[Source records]
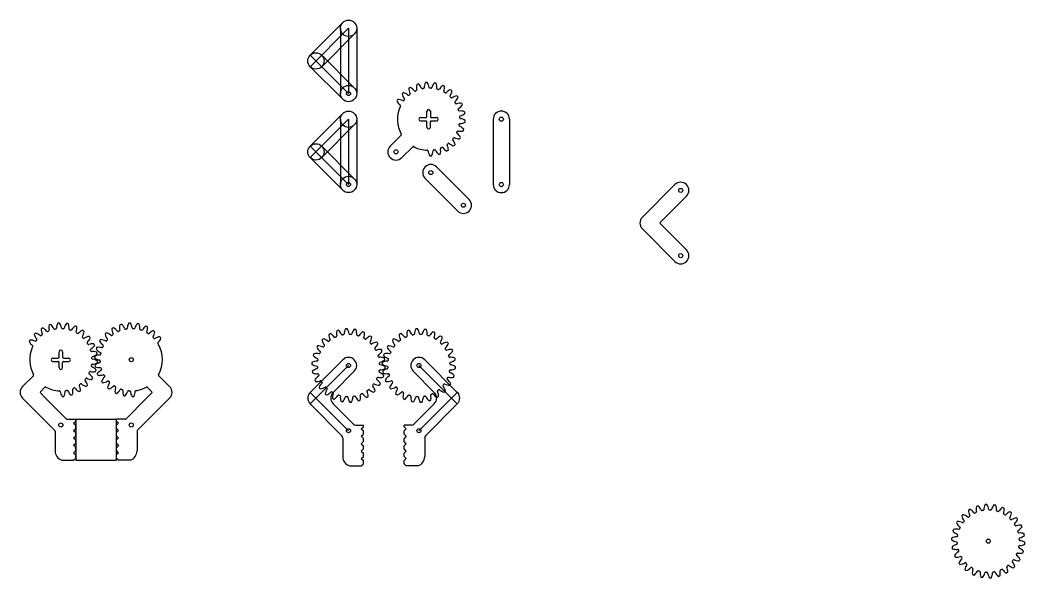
# Model space of a CAD drawing. Header units: millimetres. Extents: x -96 to 4714, y -506 to 1656.
# Drawn here: x -96 to 1137, y -471 to 213 of the extents above; entities that cross this region are included whole.
import ezdxf

# ---------------------------------------------------------------- set-up
doc = ezdxf.new("R2010")
doc.units = ezdxf.units.MM
doc.layers.add('Capa1', color=3, linetype='Continuous')
doc.layers.add('Capa2', color=1, linetype='Continuous')

msp = doc.modelspace()

# ---------------------------------------------------------------- linework, layer by layer
at = {"layer": 'Capa1'}
for p, q in [((259.967, 155.429), (307.038, 202.5)), ((307.038, 202.5), (307.038, 122.5)), ((307.038, 122.5), (259.967, 169.571)), ((259.967, 43.975), (307.038, 91.046)), ((307.038, 91.046), (307.038, 11.046)), ((307.038, 11.046), (259.967, 58.117)), ((259.967, -257.876), (307.038, -210.805)), ((440.479, -257.876), (393.408, -210.805)), ((307.038, -290.805), (259.967, -243.734)), ((393.408, -290.805), (440.479, -243.734)), ((-27.61, -276.693), (22.39, -276.693)), ((-27.61, -276.693), (-27.61, -326.693)), ((22.39, -326.693), (22.39, -276.693)), ((-27.61, -326.693), (22.39, -326.693))]:
    msp.add_line(p, q, dxfattribs=at)
at = {"layer": 'Capa2'}
for p, q in [((259.967, 169.571), (299.967, 209.571)), ((297.038, 202.5), (297.038, 122.5)), ((317.038, 202.5), (317.038, 122.5)), ((274.109, 155.429), (314.109, 195.429)), ((314.109, 129.571), (274.109, 169.571)), ((299.967, 115.429), (259.967, 155.429)), ((403.128, 94.259), (403.128, 100.723)), ((407.428, 100.723), (407.428, 94.259)), ((259.967, 58.117), (299.967, 98.117)), ((297.038, 91.046), (297.038, 11.046)), ((317.038, 91.046), (317.038, 11.046)), ((395.601, 93.196), (402.065, 93.196)), ((395.601, 88.896), (402.065, 88.896)), ((403.128, 81.368), (403.128, 87.832)), ((407.428, 81.368), (407.428, 87.832)), ((408.492, 93.196), (414.956, 93.196)), ((408.492, 88.896), (414.956, 88.896)), ((484.483, 91.046), (484.483, 11.046)), ((504.483, 91.046), (504.483, 11.046)), ((274.109, 43.975), (314.109, 83.975)), ((358.207, 58.117), (371.624, 71.534)), ((314.109, 18.117), (274.109, 58.117)), ((372.349, 43.975), (385.767, 57.392)), ((299.967, 3.975), (259.967, 43.975)), ((455.073, -7.34), (415.073, 32.66)), ((440.931, -21.482), (400.931, 18.518)), ((667.436, -29.129), (707.436, 10.871)), ((689.356, -35.493), (721.578, -3.271)), ((721.578, -69.129), (689.356, -36.908)), ((707.436, -83.271), (667.436, -43.271)), ((-47.945, -200.551), (-47.945, -194.087)), ((-43.645, -194.087), (-43.645, -200.551)), ((-55.472, -201.614), (-49.008, -201.614)), ((-55.472, -205.914), (-49.008, -205.914)), ((-47.945, -213.442), (-47.945, -206.978)), ((-43.645, -213.442), (-43.645, -206.978)), ((-42.581, -201.614), (-36.117, -201.614)), ((-42.581, -205.914), (-36.117, -205.914)), ((259.967, -243.734), (299.967, -203.734)), ((440.479, -243.734), (400.479, -203.734)), ((288.251, -243.734), (314.109, -217.876)), ((412.195, -243.734), (386.337, -217.876)), ((-92.866, -236.693), (-79.449, -223.276)), ((87.646, -236.693), (74.229, -223.276)), ((-70.946, -243.057), (-65.306, -237.418)), ((-64.582, -250.836), (-70.946, -244.472)), ((59.362, -250.836), (65.726, -244.472)), ((65.726, -243.057), (60.087, -237.418)), ((-53.159, -290.543), (-92.866, -250.836)), ((-39.017, -276.401), (-64.582, -250.836)), ((33.797, -276.401), (59.362, -250.836)), ((47.939, -290.543), (87.646, -250.836)), ((298.967, -296.876), (259.967, -257.876)), ((313.109, -282.734), (288.251, -257.876)), ((387.337, -282.734), (412.195, -257.876)), ((401.479, -296.876), (440.479, -257.876)), ((-38.31, -276.693), (-27.61, -276.693)), ((-30.121, -281.467), (-27.597, -278.945)), ((-30.121, -281.467), (-27.599, -283.991)), ((-27.597, -278.945), (-27.61, -276.693)), ((22.377, -278.945), (22.39, -276.693)), ((24.901, -281.467), (22.377, -278.945)), ((24.901, -281.467), (22.38, -283.991)), ((33.09, -276.693), (22.39, -276.693)), ((-52.866, -291.25), (-52.866, -315.416)), ((-30.123, -290.512), (-27.599, -287.991)), ((-30.123, -290.512), (-27.602, -293.036)), ((-27.602, -297.036), (-27.602, -293.036)), ((-27.599, -287.991), (-27.599, -283.991)), ((22.38, -287.991), (22.38, -283.991)), ((24.904, -290.512), (22.38, -287.991)), ((24.904, -290.512), (22.382, -293.036)), ((22.382, -297.036), (22.382, -293.036)), ((47.646, -291.25), (47.646, -315.416)), ((316.109, -283.734), (325.223, -283.734)), ((322.71, -297.553), (325.234, -295.031)), ((322.712, -288.507), (325.236, -285.986)), ((322.712, -288.507), (325.234, -291.031)), ((325.236, -285.986), (325.223, -283.734)), ((325.234, -295.031), (325.234, -291.031)), ((375.21, -285.986), (375.223, -283.734)), ((377.734, -288.507), (375.21, -285.986)), ((377.734, -288.507), (375.213, -291.031)), ((375.213, -295.031), (375.213, -291.031)), ((377.737, -297.553), (375.213, -295.031)), ((384.337, -283.734), (375.223, -283.734)), ((-30.129, -308.603), (-27.605, -306.081)), ((-30.126, -299.557), (-27.602, -297.036)), ((-30.126, -299.557), (-27.605, -302.081)), ((-27.605, -306.081), (-27.605, -302.081)), ((24.906, -299.557), (22.382, -297.036)), ((24.906, -299.557), (22.385, -302.081)), ((22.385, -306.081), (22.385, -302.081)), ((24.909, -308.603), (22.385, -306.081)), ((299.967, -299.876), (299.967, -322.457)), ((322.707, -306.598), (325.231, -304.077)), ((322.707, -306.598), (325.228, -309.122)), ((322.71, -297.553), (325.231, -300.077)), ((325.231, -304.077), (325.231, -300.077)), ((377.737, -297.553), (375.215, -300.077)), ((375.215, -304.077), (375.215, -300.077)), ((377.739, -306.598), (375.215, -304.077)), ((377.739, -306.598), (375.218, -309.122)), ((400.479, -299.876), (400.479, -322.457)), ((-30.131, -317.648), (-27.607, -315.127)), ((-30.131, -317.648), (-27.61, -320.172)), ((-30.129, -308.603), (-27.607, -311.127)), ((-27.61, -324.172), (-27.61, -320.172)), ((-27.607, -315.127), (-27.607, -311.127)), ((24.909, -308.603), (22.388, -311.127)), ((22.388, -315.127), (22.388, -311.127)), ((24.912, -317.648), (22.388, -315.127)), ((24.912, -317.648), (22.39, -320.172)), ((22.39, -324.172), (22.39, -320.172)), ((322.704, -315.643), (325.228, -313.122)), ((322.704, -315.643), (325.226, -318.167)), ((325.226, -322.167), (325.226, -318.167)), ((325.228, -313.122), (325.228, -309.122)), ((375.218, -313.122), (375.218, -309.122)), ((377.742, -315.643), (375.218, -313.122)), ((377.742, -315.643), (375.221, -318.167)), ((375.221, -322.167), (375.221, -318.167)), ((-44.564, -326.693), (-30.134, -326.693)), ((-30.134, -326.693), (-27.61, -324.172)), ((24.914, -326.693), (22.39, -324.172)), ((39.344, -326.693), (24.914, -326.693)), ((322.699, -333.734), (325.223, -331.212)), ((322.702, -324.689), (325.226, -322.167)), ((322.702, -324.689), (325.223, -327.212)), ((325.223, -331.212), (325.223, -327.212)), ((377.745, -324.689), (375.221, -322.167)), ((377.745, -324.689), (375.223, -327.212)), ((375.223, -331.212), (375.223, -327.212)), ((377.747, -333.734), (375.223, -331.212)), ((308.269, -333.734), (322.699, -333.734)), ((392.177, -333.734), (377.747, -333.734))]:
    msp.add_line(p, q, dxfattribs=at)
for centre, radius in [((307.038, 202.5), 10), ((267.038, 162.5), 10), ((307.038, 122.5), 10), ((307.038, 122.5), 2.5), ((307.038, 91.046), 10), ((494.483, 91.046), 2.5), ((267.038, 51.046), 10), ((365.278, 51.046), 2.5), ((408.002, 25.589), 2.5), ((307.038, 11.046), 10), ((307.038, 11.046), 2.5), ((494.483, 11.046), 2.5), ((714.507, 3.8), 2.5), ((448.002, -14.411), 2.5), ((714.507, -76.2), 2.5), ((40.575, -203.764), 2.5), ((307.038, -210.805), 2.5), ((393.408, -210.805), 2.5), ((-45.795, -283.764), 2.5), ((-45.795, -283.764), 2.5), ((40.575, -283.764), 2.5), ((40.575, -283.764), 2.5), ((307.038, -290.805), 2.5), ((393.408, -290.805), 2.5), ((1091.707, -426.124), 2.5)]:
    msp.add_circle(centre, radius, dxfattribs=at)
for centre, radius, start, end in [((414.16, 129.294), 14.292, 152.536647, 178.522092), ((405.278, 91.046), 45, 92.083736, 94.843545), ((391.848, 127.944), 14.292, 8.405189, 34.390634), ((405.278, 91.046), 45, 133.622197, 136.382007), ((370.758, 109.759), 14.292, 49.94365, 75.929096), ((405.278, 91.046), 45, 119.776043, 122.535853), ((395.367, 129.04), 14.292, 180.228954, 206.2144), ((376.239, 117.476), 14.292, 36.097496, 62.082942), ((388.595, 126.485), 1, 216.097496, 295.2083), ((405.278, 91.046), 38.17, 113.257442, 115.2083), ((389.811, 127.033), 1, 293.257442, 12.368246), ((404.748, 130.308), 14.292, 166.3828, 192.368246), ((405.278, 91.046), 45, 105.92989, 108.689699), ((383.408, 123.657), 14.292, 22.251343, 48.236788), ((397.561, 129.448), 1, 202.251343, 281.362146), ((405.278, 91.046), 38.17, 99.411289, 101.362146), ((398.873, 129.688), 1, 279.411289, 358.522092), ((406.976, 130.179), 1, 188.405189, 267.515992), ((405.278, 91.046), 38.17, 85.565135, 87.515992), ((408.307, 130.098), 1, 265.565135, 344.675938), ((423.055, 126.057), 14.292, 138.690493, 164.675938), ((405.278, 91.046), 45, 78.237582, 80.997391), ((401.069, 130.085), 14.292, 354.559035, 20.54448), ((416.292, 128.635), 1, 174.559035, 253.669838), ((405.278, 91.046), 38.17, 71.718981, 73.669838), ((417.565, 128.239), 1, 251.718981, 330.829784), ((430.917, 120.785), 14.292, 124.844339, 150.829784), ((405.278, 91.046), 45, 64.391428, 67.151237), ((424.967, 124.907), 1, 160.712881, 239.823685), ((410.534, 129.958), 14.292, 340.712881, 6.698327), ((405.278, 91.046), 38.17, 57.872827, 59.823685), ((426.109, 124.217), 1, 237.872827, 316.98363), ((437.289, 113.785), 14.292, 110.998185, 136.98363), ((419.694, 127.57), 14.292, 326.866727, 352.852173), ((405.278, 91.046), 45, 50.545274, 53.305083), ((405.278, 91.046), 45, 147.468351, 150.22816), ((378.846, 120.082), 14.292, 207.921262, 233.906707), ((367.283, 100.954), 14.292, 63.789804, 89.77525), ((386.563, 125.564), 14.292, 194.075108, 220.060554), ((374.037, 114.673), 1, 243.789804, 322.900608), ((405.278, 91.046), 38.17, 140.94975, 142.900608), ((374.859, 115.723), 1, 320.94975, 40.060554), ((380.599, 121.463), 1, 229.94365, 309.054454), ((405.278, 91.046), 38.17, 127.103596, 129.054454), ((381.649, 122.285), 1, 307.103596, 26.2144), ((432.499, 119.211), 1, 146.866727, 225.977531), ((405.278, 91.046), 38.17, 44.026673, 45.977531), ((433.442, 118.268), 1, 224.026673, 303.137477), ((441.801, 105.464), 14.292, 97.152031, 123.137477), ((438.448, 111.879), 1, 133.020573, 212.131377), ((405.278, 91.046), 38.17, 30.180519, 32.131377), ((428.016, 123.058), 14.292, 313.020573, 339.006019), ((405.278, 91.046), 45, 36.69912, 39.45893), ((405.278, 91.046), 38.17, 156.746762, 208.690379), ((405.278, 91.046), 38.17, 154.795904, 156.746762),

- _TASK INSTRUCTIONS_
Copy out each line of the records where the word "units" appears.

- _EXERCISE ANSWER_
# Model space of a CAD drawing. Header units: millimetres. Extents: x -96 to 4714, y -506 to 1656.
doc.units = ezdxf.units.MM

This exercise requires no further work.